Yep, this post is all about bats! Not this kind….
No, not that kind of bat, BASEBALL BATS! Specifically, Louisville Slugger Bats. We went to tour the factory today.
With only one wrong turn and ending up at a baseball field instead of a factory, we found the place with little trouble. We found reasonably priced parking for $3.00 for all day and the first thing I noticed when I got out of the truck was something that just struck me as strange.
How can something so pretty, so soft be growing in and around something so harsh and hard and hurtful?
Before I get into this post, I should tell you that some of these photos should not have been taken. We were all told no picture taking in the factory area. I took them anyway. I couldn’t help myself. Must be a character flaw.
It wasn’t hard to figure out which building we should go to.
We were at the right place.
This company did not start out making baseball bats, their products were in a fact butter churns, stair railings and porch columns.

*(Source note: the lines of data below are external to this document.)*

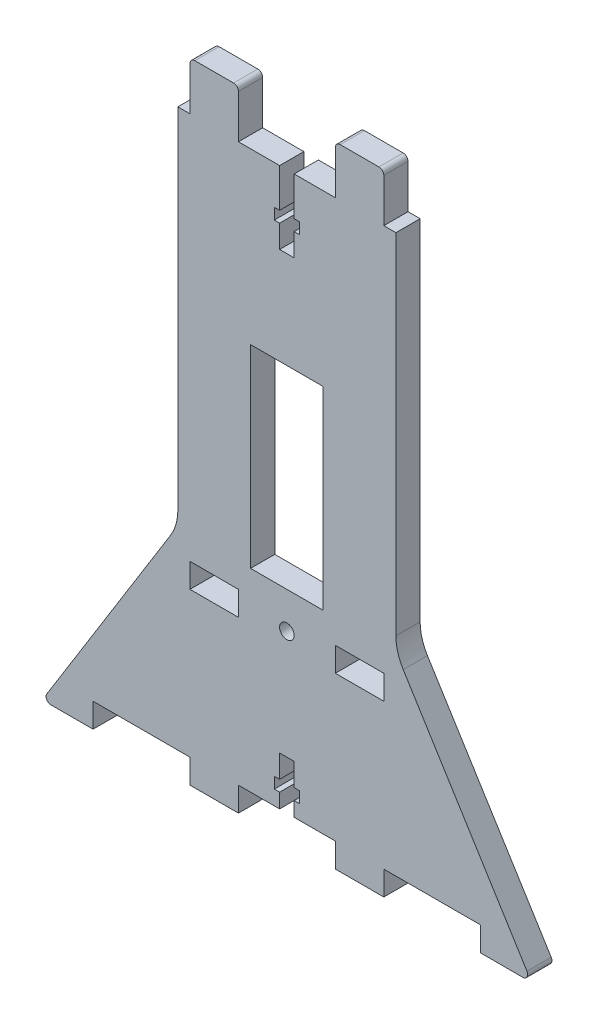
SolidWorks part; units mm, degrees
ref_plane "Front Plane" through (0, 0, 0) normal (0, 0, 1) x (1, 0, 0)
ref_plane "Top Plane" through (0, 0, 0) normal (0, 1, 0) x (1, 0, 0)
ref_plane "Right Plane" through (0, 0, 0) normal (1, 0, 0) x (0, 0, -1)
sketch "Sketch1" plane through (0, 0, 0) normal (0, 0, 1) x (1, 0, 0)
  line L1 (-50.0189, -56.1915) -> (-30.0189, -56.1915)
  line L2 (-30.0189, -56.1915) -> (-30.0189, -61.1915)
  line L3 (-30.0189, -61.1915) -> (-20.0189, -61.1915)
  line L4 (-20.0189, -61.1915) -> (-20.0189, -56.1915)
  line L6 (-0.0189, -56.1915) -> (-0.0189, -61.1915)
  line L7 (-0.0189, -61.1915) -> (9.9811, -61.1915)
  line L8 (9.9811, -61.1915) -> (9.9811, -56.1915)
  line L9 (9.9811, -56.1915) -> (29.9811, -56.1915)
  line L12 (-38.5749, -16.1038) -> (31.2699, -16.1038) construction
  line L13 (-11.5189, -56.1915) -> (-8.5189, -56.1915) construction
  line L14 (-8.5189, -56.1915) -> (-8.5189, -53.1915)
  line L15 (-8.5189, -50.8915) -> (-7.4189, -50.8915)
  line L16 (-12.6189, -53.1915) -> (-12.6189, -50.8915)
  line L17 (-7.4189, -53.1915) -> (-8.5189, -53.1915)
  line L18 (-8.5189, -50.8915) -> (-8.5189, -46.1915)
  line L19 (-8.5189, -46.1915) -> (-11.5189, -46.1915)
  line L20 (-11.5189, -46.1915) -> (-11.5189, -50.8915)
  line L21 (-11.5189, -53.1915) -> (-12.6189, -53.1915)
  line L22 (-7.4189, -50.8915) -> (-7.4189, -53.1915)
  line L23 (-12.6189, -50.8915) -> (-11.5189, -50.8915)
  line L24 (-11.5189, -53.1915) -> (-11.5189, -56.1915)
  line L25 (-10.0189, -46.1915) -> (-10.0189, -56.1915) construction
  line L26 (-11.5189, -56.1915) -> (-20.0189, -56.1915)
  line L27 (-8.5189, -56.1915) -> (-0.0189, -56.1915)
  line L28 (-10.0189, 43.8085) -> (-10.0189, 53.8085) construction
  line L29 (-11.5189, 58.8085) -> (-8.5189, 58.8085) construction
  line L30 (-10.0189, -57.0002) -> (-10.0189, 91.0448) construction
  line L31 (-8.5189, 58.8085) -> (-0.0189, 58.8085)
  line L32 (-11.5189, 58.8085) -> (-20.0189, 58.8085)
  line L33 (-11.5189, 50.8085) -> (-11.5189, 58.8085)
  line L34 (-12.6189, 48.5085) -> (-11.5189, 48.5085)
  line L35 (-7.4189, 48.5085) -> (-7.4189, 50.8085)
  line L36 (-11.5189, 50.8085) -> (-12.6189, 50.8085)
  line L37 (-11.5189, 43.8085) -> (-11.5189, 48.5085)
  line L38 (-8.5189, 43.8085) -> (-11.5189, 43.8085)
  line L39 (-8.5189, 48.5085) -> (-8.5189, 43.8085)
  line L40 (-7.4189, 50.8085) -> (-8.5189, 50.8085)
  line L41 (-12.6189, 50.8085) -> (-12.6189, 48.5085)
  line L42 (-8.5189, 48.5085) -> (-7.4189, 48.5085)
  line L43 (-8.5189, 58.8085) -> (-8.5189, 50.8085)
  line L44 (9.9811, 58.8085) -> (12.4811, 58.8085)
  line L45 (9.9811, 68.8085) -> (9.9811, 58.8085)
  line L46 (-0.0189, 68.8085) -> (9.9811, 68.8085)
  line L47 (-0.0189, 58.8085) -> (-0.0189, 68.8085)
  line L48 (-20.0189, 68.8085) -> (-20.0189, 58.8085)
  line L49 (-30.0189, 68.8085) -> (-20.0189, 68.8085)
  line L50 (-30.0189, 58.8085) -> (-30.0189, 68.8085)
  line L51 (-32.5189, 58.8085) -> (-30.0189, 58.8085)
  line L52 (-50.0189, -56.1915) -> (-50.0189, -61.1915)
  line L53 (-50.0189, -61.1915) -> (-60.5189, -61.1915)
  line L54 (-60.5189, -61.1915) -> (-32.5189, -16.1038)
  line L55 (-32.5189, 58.8085) -> (-32.5189, -16.1038)
  line L56 (29.9811, -56.1915) -> (29.9811, -61.1915)
  line L57 (29.9811, -61.1915) -> (40.4811, -61.1915)
  line L58 (40.4811, -61.1915) -> (12.4811, -16.1038)
  line L59 (12.4811, -16.1038) -> (12.4811, 58.8085)
  point P2 (-0.0189, -58.6915)
  point P57 (-10.0189, 43.8085)
  dimension "D1" = 10
  dimension "D2" = 10
  dimension "D3" = 5
  dimension "D4" = 20
  dimension "D5" = 101
  dimension "D6" = 20
  dimension "D7" = 5.2
  dimension "D8" = 3
  dimension "D9" = 2.3
  dimension "D10" = 3
  dimension "D11" = 10
  dimension "D12" = 5
  dimension "D13" = 50.5
  dimension "D14" = 20
  dimension "D15" = 3
  dimension "D16" = 3
  dimension "D17" = 5.2
  dimension "D18" = 45
  dimension "D19" = 10
  dimension "D20" = 20
  dimension "D21" = 22.5
  dimension "D22" = 2.5
  dimension "D24" = 10
  dimension "D25" = 5
  dimension "D26" = 2.5
  dimension "D27" = 10
  dimension "D28" = 53.0745
extrude "Boss-Extrude1" add sketch "Sketch1" along normal blind 5
sketch "Sketch2" plane through (0, 0, 5) normal (0, 0, 1) x (1, 0, 0)
  line L0 (-37.0155, -21.1915) -> (22.4174, -21.1915) construction
  line L2 (-30.0189, -21.1915) -> (-20.0189, -21.1915)
  line L3 (-30.0189, -21.1915) -> (-30.0189, -26.1915)
  line L4 (-30.0189, -26.1915) -> (-20.0189, -26.1915)
  line L5 (-20.0189, -21.1915) -> (-20.0189, -26.1915)
  line L6 (-0.0189, -21.1915) -> (9.9811, -21.1915)
  line L7 (-0.0189, -21.1915) -> (-0.0189, -26.1915)
  line L8 (-0.0189, -26.1915) -> (9.9811, -26.1915)
  line L9 (9.9811, -21.1915) -> (9.9811, -26.1915)
  line L10 (-2.5189, 23.8085) -> (-17.5189, 23.8085)
  line L11 (-2.5189, 23.8085) -> (-2.5189, -16.1915)
  line L12 (-2.5189, -16.1915) -> (-17.5189, -16.1915)
  line L13 (-17.5189, 23.8085) -> (-17.5189, -16.1915)
  line L14 (-30.0189, 58.8085) -> (-32.5189, 58.8085) construction
  line L15 (-35.7615, -23.6915) -> (19.4664, -23.6915) construction
  line L16 (-10.0189, 50.0273) -> (-10.0189, 1.4719) construction
  line L17 (-8.5189, 43.8085) -> (-11.5189, 43.8085) construction
  line L21 (-32.5189, 58.8085) -> (-32.5189, -16.1038) construction
  line L22 (12.4811, -16.1038) -> (12.4811, 58.8085) construction
  circle A0 centre (-10.0189, -23.6915) radius 1.5
  point P22 (9.9811, -23.6915)
  point P29 (-10.0189, 43.8085)
  dimension "D2" = 5
  dimension "D3" = 10
  dimension "D1" = 80
  dimension "D4" = 10
  dimension "D5" = 10
  dimension "D6" = 10
  dimension "D7" = 2.5
  dimension "D8" = 2.5
  dimension "D9" = 40
  dimension "D10" = 15
  dimension "D11" = 5
extrude "Cut-Extrude1" cut sketch "Sketch2" against normal blind 10
ref_plane "Plane4" through (12.4811, 58.8085, 5) normal (0, 1, 0) x (1, 0, 0)
fillet "Fillet1" radius 10 2 edges at (12.4811, -16.1038, 2.5) (-32.5189, -16.1038, 2.5)
fillet "Fillet2" radius 1 2 edges at (-60.5189, -61.1915, 2.5) (40.4811, -61.1915, 2.5)
fillet "Congé1" radius 1 4 edges at (-30.0189, 68.8085, 2.5) (-20.0189, 68.8085, 2.5) (-0.0189, 68.8085, 2.5) (9.9811, 68.8085, 2.5)

J. F. Hillerich, owned a growing woodworking shop in the 1880s when his 17 year old son, Bud, began working for him.
Legend has it that Bud, who played baseball himself, slipped away from work one afternoon in 1884 to watch Louisville's major league team, the Louisville Eclipse. Team member, Pete Browning, who was in a hitting slump, broke his bat.
Bud invited Browning over to his father's shop to make him a new one. With Browning at his side giving advice, Bud hand-crafted a new bat from a long slab of wood. Browning got three hits with it the next day.
Browning told his teammates, which sent a steady stream of professional ball players to the Hillerich shop. However, J. F. Hillerich had little to no interest in making bats. He had a vision for his company and it didn’t involve baseball bats.
His son saw things differently and persisted. His father, pleased with his son's enthusiasm, finally gave in and the rest is baseball history.
In 1894, Bud Hillerich taking over from his father in the business, the name "Louisville Slugger" was registered with the U.S. Patent Office. In the early 1900s, the growing company pioneered a sports marketing concept by paying Hall of Fame hitter Honus Wagner to use his name on a bat. This practice continued with Michael Jordan, Tiger Woods and so many other professional athletes in virtually all sports today. By 1923, Louisville Slugger was selling more bats than any other bat maker. Baseball was the nation's most popular sport and legends like Babe Ruth, Ty Cobb and Lou Gehrig all swung Louisville Sluggers.
Here I am with Mickey Mantle’s bat. Notice that I’m wearing gloves. No human hands ever touch these bats because of the oil in our skin. I picked his bat because I met him when I was nine years old. I was driving west with my family to Texas and he was recuperating at a Holiday Inn (he had associated his name with) from an injury he had. He was sitting out by the pool and all the other families with kids were in the pool area of course. Well, I got to stand next to him and did my parents think to grab the camera? Noooo!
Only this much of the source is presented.